Open KSoumya opened 3 months ago
Also, put something like "fixes #3" in the PR description.
updated PR description
I just realized this is a new Snakefile in a subfolder. Why not add to our existing file?
I tried running and get this error:
Traceback (most recent call last):
File "/home/balhoff/test-rule/char-sim/snakemake_conda/.snakemake/scripts/tmplbi3nw0_.sample_script.py", line 5, in <module>
import torch
ModuleNotFoundError: No module named 'torch'
I don't see torch in the env.yaml; should it be there?
I just realized this is a new Snakefile in a subfolder. Why not add to our existing file?
the subfolder is now removed and the existing Snakefile is updated with a new rule.
@KSoumya thanks for the updates; I am trying it out.
@KSoumya when I run I get this error:
Traceback (most recent call last):
File "/home/balhoff/test-rule/char-sim/.snakemake/scripts/tmp1a2ojqu_.create_train_data.py", line 8, in <module>
import pandas as pd
ModuleNotFoundError: No module named 'pandas'
I see that pandas is in environment.yaml, but under 'pip' rather than directly in 'dependencies'. What is the difference?
I see that pandas is in environment.yaml, but under 'pip' rather than directly in 'dependencies'. What is the difference?
The difference is only for how it gets installed (via pip from PyPi or via conda via a conda channel). The error suggests that you either didn't create the conda environment or that it isn't activated for the particular step that requires it.

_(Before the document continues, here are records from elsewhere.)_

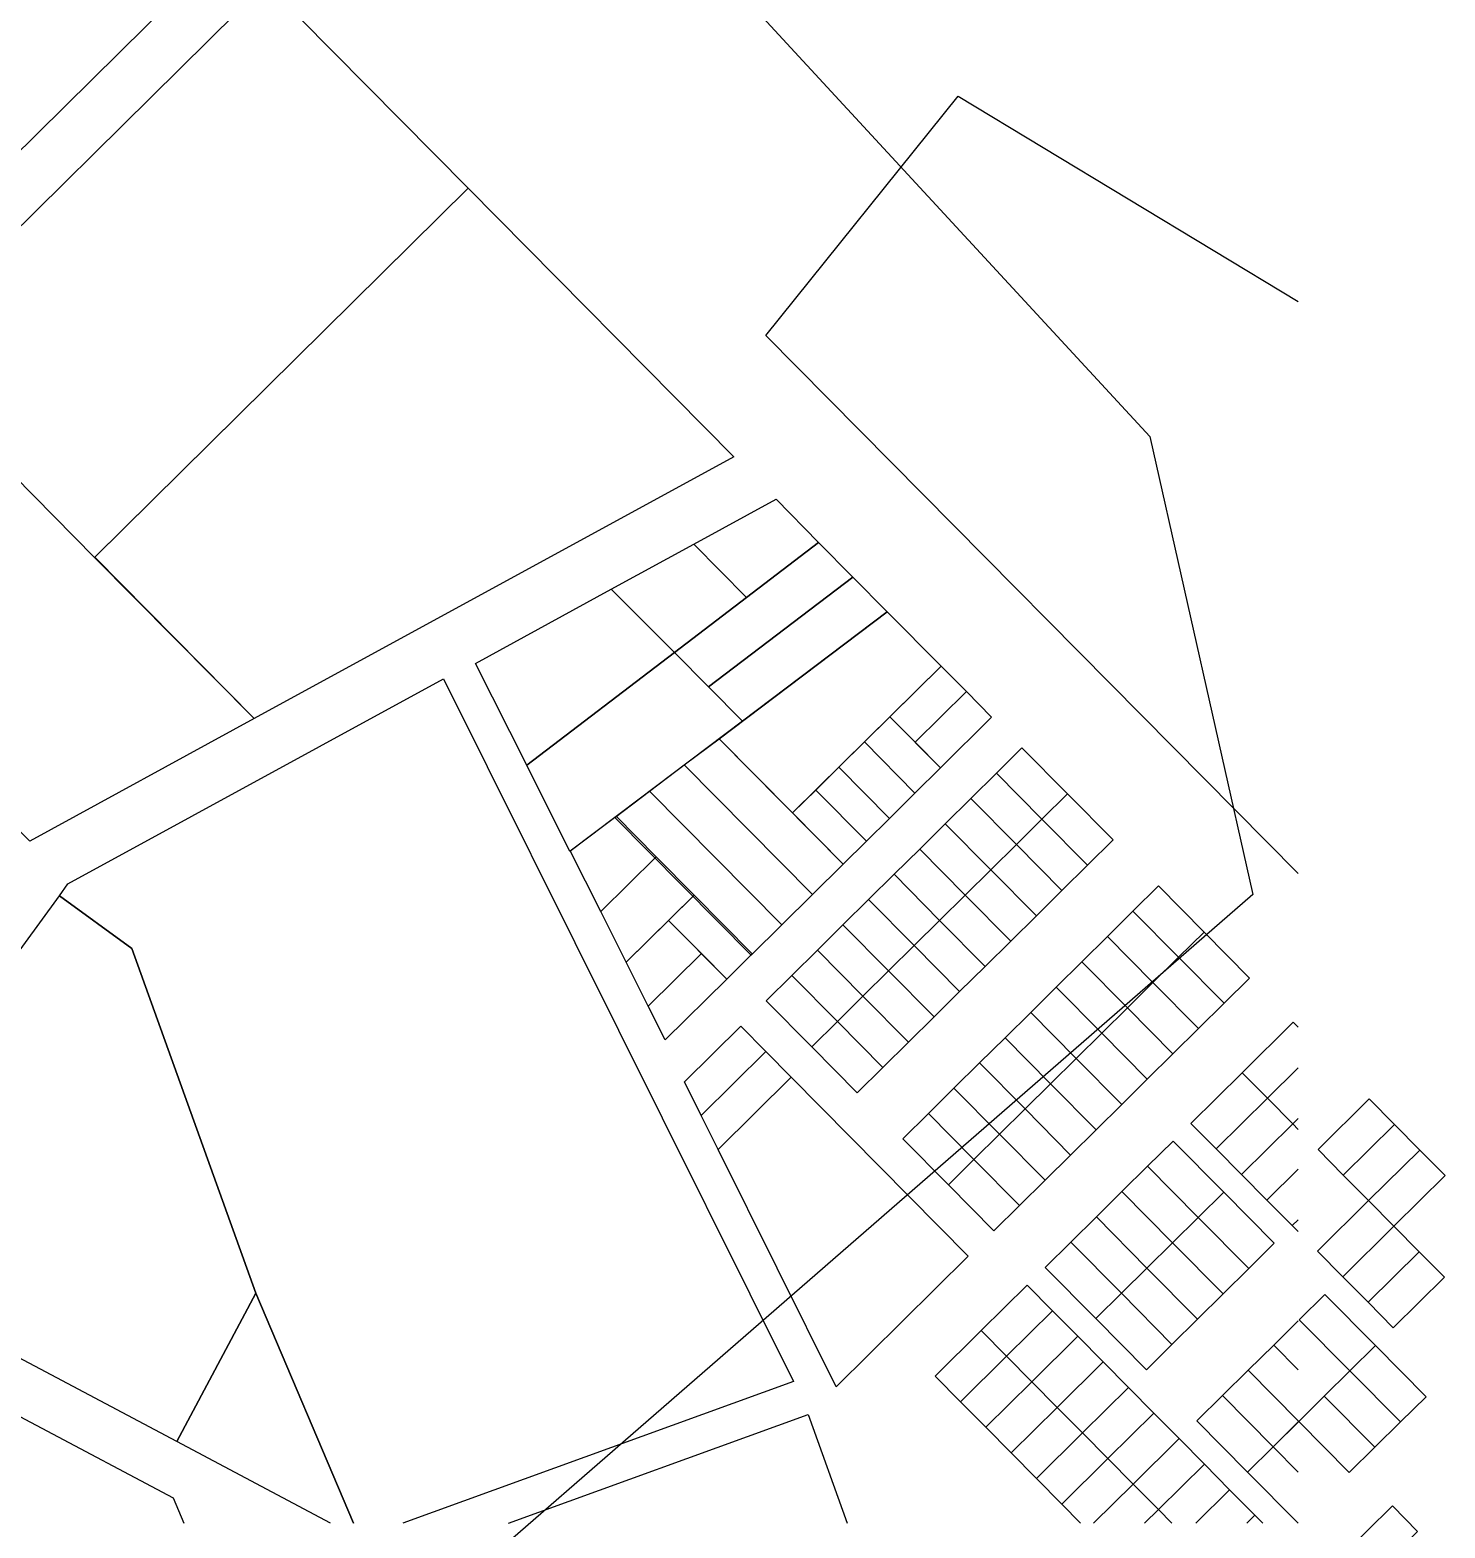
# Model space of a CAD drawing. Header units: metres. Extents: x 5594974 to 5596329, y 6967237 to 6968572.
# Drawn here: x 5595931.7 to 5596325.2, y 6967728.4 to 6968145 of the extents above; entities that cross this region are included whole.
import ezdxf

# ---------------------------------------------------------------- set-up
doc = ezdxf.new("R2010")
doc.units = ezdxf.units.M
doc.layers.add('zz_catastro_fontana', color=7, linetype='Continuous')
doc.layers.add('ZZ_Imagen', color=7, linetype='Continuous')

msp = doc.modelspace()

# ---------------------------------------------------------------- linework, layer by layer
at = {"layer": 'zz_catastro_fontana'}
for points in [[(5595876.71, 6968279.84), (5595986.75, 6968168.56), (5595926.31, 6968108.79), (5595816.27, 6968220.07), (5595876.71, 6968279.84)], [(5595876.71, 6968279.84), (5595986.75, 6968168.56), (5595926.31, 6968108.79), (5595816.27, 6968220.07), (5595876.71, 6968279.84)], [(5596053.55, 6968101.01), (5595949.69, 6967998.3), (5595893.49, 6968055.24), (5595997.3, 6968157.9), (5596053.55, 6968101.01)], [(5596053.55, 6968101.01), (5595949.69, 6967998.3), (5595893.49, 6968055.24), (5595997.3, 6968157.9), (5596053.55, 6968101.01)], [(5596127.44, 6968026.29), (5595994.05, 6967953.44), (5595949.71, 6967998.32), (5596053.55, 6968101.01), (5596127.44, 6968026.29)], [(5596127.44, 6968026.29), (5595994.05, 6967953.44), (5595949.71, 6967998.32), (5596053.55, 6968101.01), (5596127.44, 6968026.29)], [(5595893.49, 6968055.24), (5595949.69, 6967998.3), (5595994.05, 6967953.44), (5595931.68, 6967919.39), (5595894.1, 6967957.39), (5595844.88, 6968007.17), (5595893.49, 6968055.24)], [(5595893.49, 6968055.24), (5595949.69, 6967998.3), (5595994.05, 6967953.44), (5595931.68, 6967919.39), (5595894.1, 6967957.39), (5595844.88, 6968007.17), (5595893.49, 6968055.24)], [(5596116.25, 6968001.94), (5596139.15, 6968014.45), (5596151, 6968002.47), (5596130.98, 6967987.17), (5596116.25, 6968001.94)], [(5596116.25, 6968001.94), (5596139.15, 6968014.45), (5596151, 6968002.47), (5596130.98, 6967987.17), (5596116.25, 6968001.94)], [(5596130.98, 6967987.17), (5596110.96, 6967971.87), (5596093.34, 6967989.43), (5596116.25, 6968001.94), (5596130.98, 6967987.17)], [(5596130.98, 6967987.17), (5596110.96, 6967971.87), (5596093.34, 6967989.43), (5596116.25, 6968001.94), (5596130.98, 6967987.17)], [(5596160.54, 6967992.82), (5596120.38, 6967962.33), (5596110.96, 6967971.87), (5596151, 6968002.47), (5596160.54, 6967992.82)], [(5596160.54, 6967992.82), (5596120.38, 6967962.33), (5596110.96, 6967971.87), (5596151, 6968002.47), (5596160.54, 6967992.82)], [(5596110.96, 6967971.87), (5596069.88, 6967940.47), (5596055.57, 6967968.81), (5596093.34, 6967989.43), (5596110.96, 6967971.87)], [(5596110.96, 6967971.87), (5596069.88, 6967940.47), (5596055.57, 6967968.81), (5596093.34, 6967989.43), (5596110.96, 6967971.87)], [(5596170.09, 6967983.17), (5596129.82, 6967952.78), (5596120.38, 6967962.33), (5596160.54, 6967992.82), (5596170.09, 6967983.17)], [(5596170.09, 6967983.17), (5596129.82, 6967952.78), (5596120.38, 6967962.33), (5596160.54, 6967992.82), (5596170.09, 6967983.17)], [(5596185.03, 6967968.06), (5596143.74, 6967927.22), (5596123.31, 6967947.87), (5596170.09, 6967983.17), (5596185.03, 6967968.06)], [(5596185.03, 6967968.06), (5596143.74, 6967927.22), (5596123.31, 6967947.87), (5596170.09, 6967983.17), (5596185.03, 6967968.06)], [(5596129.82, 6967952.78), (5596081.78, 6967916.53), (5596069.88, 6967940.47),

@KSoumya @hlapp now that I actually have conda installed, this is working for me (I installed miniforge and mamba). But I needed to edit environment.yaml
. I initially got some conflicts which seemed to be between the version of snakemake I have (presumably one of the newest) and a very old version of python (3.8.19) that is specified in environment.yaml.
My intuition (without being familiar with snakemake/conda practices) would be that the environment should be specified in the most minimal way possible. But I'm not sure if this file is supposed to act as a statement of the direct dependencies or instead like a lock file. But as written it didn't work for me; maybe it would have if I had a specific version of conda or snakemake?
@KSoumya based on the shell snippet you sent me, I think your background environment may have more installed into it, rather than setting up the environment in the rule:
snakemake --cores 4 --use-singularity id12_desc12_simGIC.tsv.gz
I needed to use --use-conda
so that the environment was created when the rule was run:
snakemake -c4 --show-failed-logs --use-singularity --use-conda id12_desc12_simGIC.tsv.gz
Maybe this is why you didn't run into these issues in your own runs.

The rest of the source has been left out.